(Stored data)

§

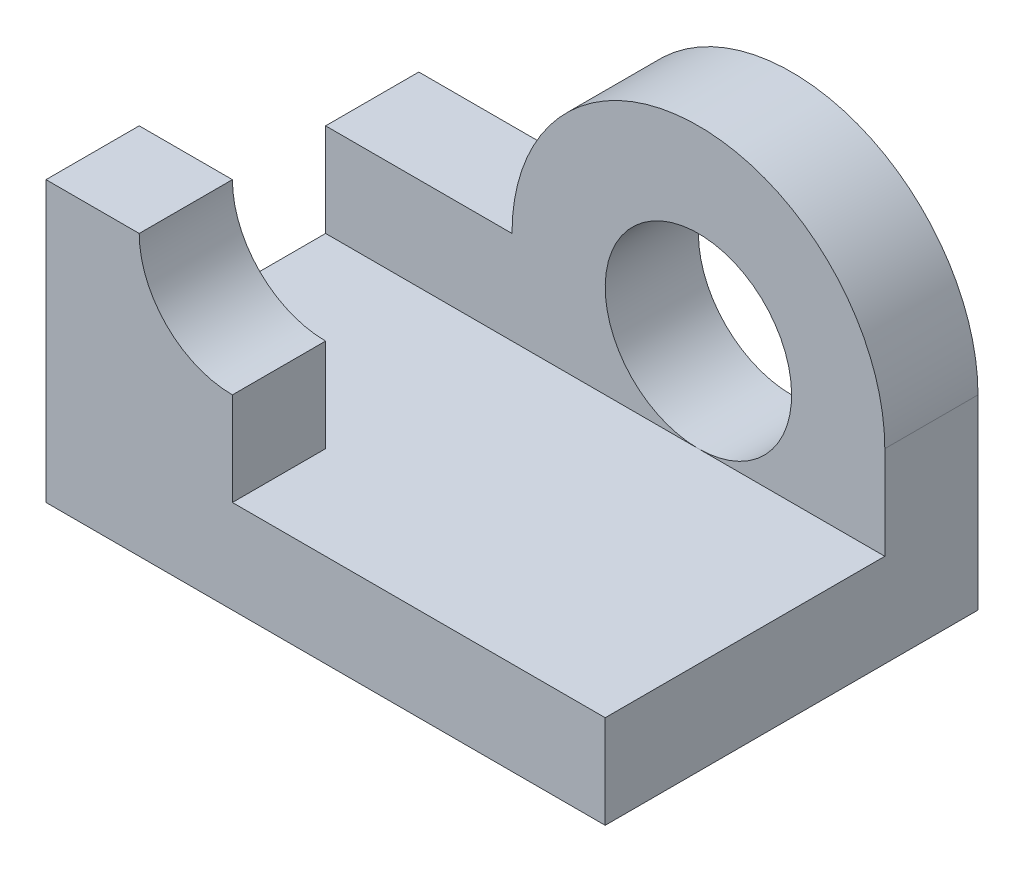
SolidWorks part; units mm, degrees
ref_plane "前基準面" through (0, 0, 0) normal (0, 0, 1) x (1, 0, 0)
ref_plane "上基準面" through (0, 0, 0) normal (0, 1, 0) x (1, 0, 0)
ref_plane "右基準面" through (0, 0, 0) normal (1, 0, 0) x (0, 0, -1)
sketch "草圖1" plane through (0, 0, 0) normal (0, 0, 1) x (1, 0, 0)
  line L0 (0, 0) -> (0, 25.6468) construction
  line L1 (0, 0) -> (-47.5247, 0) construction
  line L2 (-3.1085, 2) -> (12.6521, 2) construction
  line L3 (2, 2) -> (2, 0)
  line L4 (2, 0) -> (-4, 0)
  line L5 (-4, 0) -> (-4, 3)
  line L6 (-4, 3) -> (-3, 3)
  line L7 (-2, 1) -> (18, 1)
  line L9 (-2, 2) -> (-2, 0)
  line L10 (-2, 2) -> (-4, 2)
  line L11 (-4, 1) -> (-2, 1)
  circle A0 centre (0, 2) radius 1
  arc A1 (2, 2) -> (-2, 2) centre (0, 2) ccw
  arc A2 (-3, 3) -> (-2, 2) centre (-2, 3) ccw
  dimension "D1" = 2
  dimension "D3" = 4
  dimension "D9" = 1
  dimension "D2" = 2
  dimension "D4" = 6
  dimension "D5" = 3
  dimension "D6" = 1
  dimension "D7" = 1
  dimension "D8" = 2
extrude "填料-伸長1" add sketch "草圖1" along normal blind 1 contours L7 L9 L4 L3 | L3 A1 L9 L7 A0 | L11 L5 L4 L9 | L5 L11 L9 L10 region at (1.95, 1.5, 0) region at (0, 0.5, 0) region at (-3, 1.5, 0) region at (-3, 0.5, 0)
extrude "填料-伸長3" add sketch "草圖1<6>" along normal blind 4 contours L7 L9 L4 L3 | L11 L5 L4 L9 region at (0, 0.5, 0) region at (-3, 0.5, 0)
sketch "草圖1<6>" plane through (0, 0, 0) normal (0, 0, 1) x (1, 0, 0) same geometry as "草圖1"
extrude "填料-伸長4" add sketch "草圖1<7>" along normal blind 1 from offset 3 contours A2 L6 L5 L10 | L5 L11 L9 L10 region at (-3, 1.5, 0) region at (-3.3722, 2.4511, 0)
sketch "草圖1<7>" plane through (0, 0, 0) normal (0, 0, 1) x (1, 0, 0) same geometry as "草圖1"

§

Check the lines above and copy each one that includes "extrude".

• Response below
extrude "填料-伸長1" add sketch "草圖1" along normal blind 1 contours L7 L9 L4 L3 | L3 A1 L9 L7 A0 | L11 L5 L4 L9 | L5 L11 L9 L10 region at (1.95, 1.5, 0) region at (0, 0.5, 0) region at (-3, 1.5, 0) region at (-3, 0.5, 0)
extrude "填料-伸長3" add sketch "草圖1<6>" along normal blind 4 contours L7 L9 L4 L3 | L11 L5 L4 L9 region at (0, 0.5, 0) region at (-3, 0.5, 0)
extrude "填料-伸長4" add sketch "草圖1<7>" along normal blind 1 from offset 3 contours A2 L6 L5 L10 | L5 L11 L9 L10 region at (-3, 1.5, 0) region at (-3.3722, 2.4511, 0)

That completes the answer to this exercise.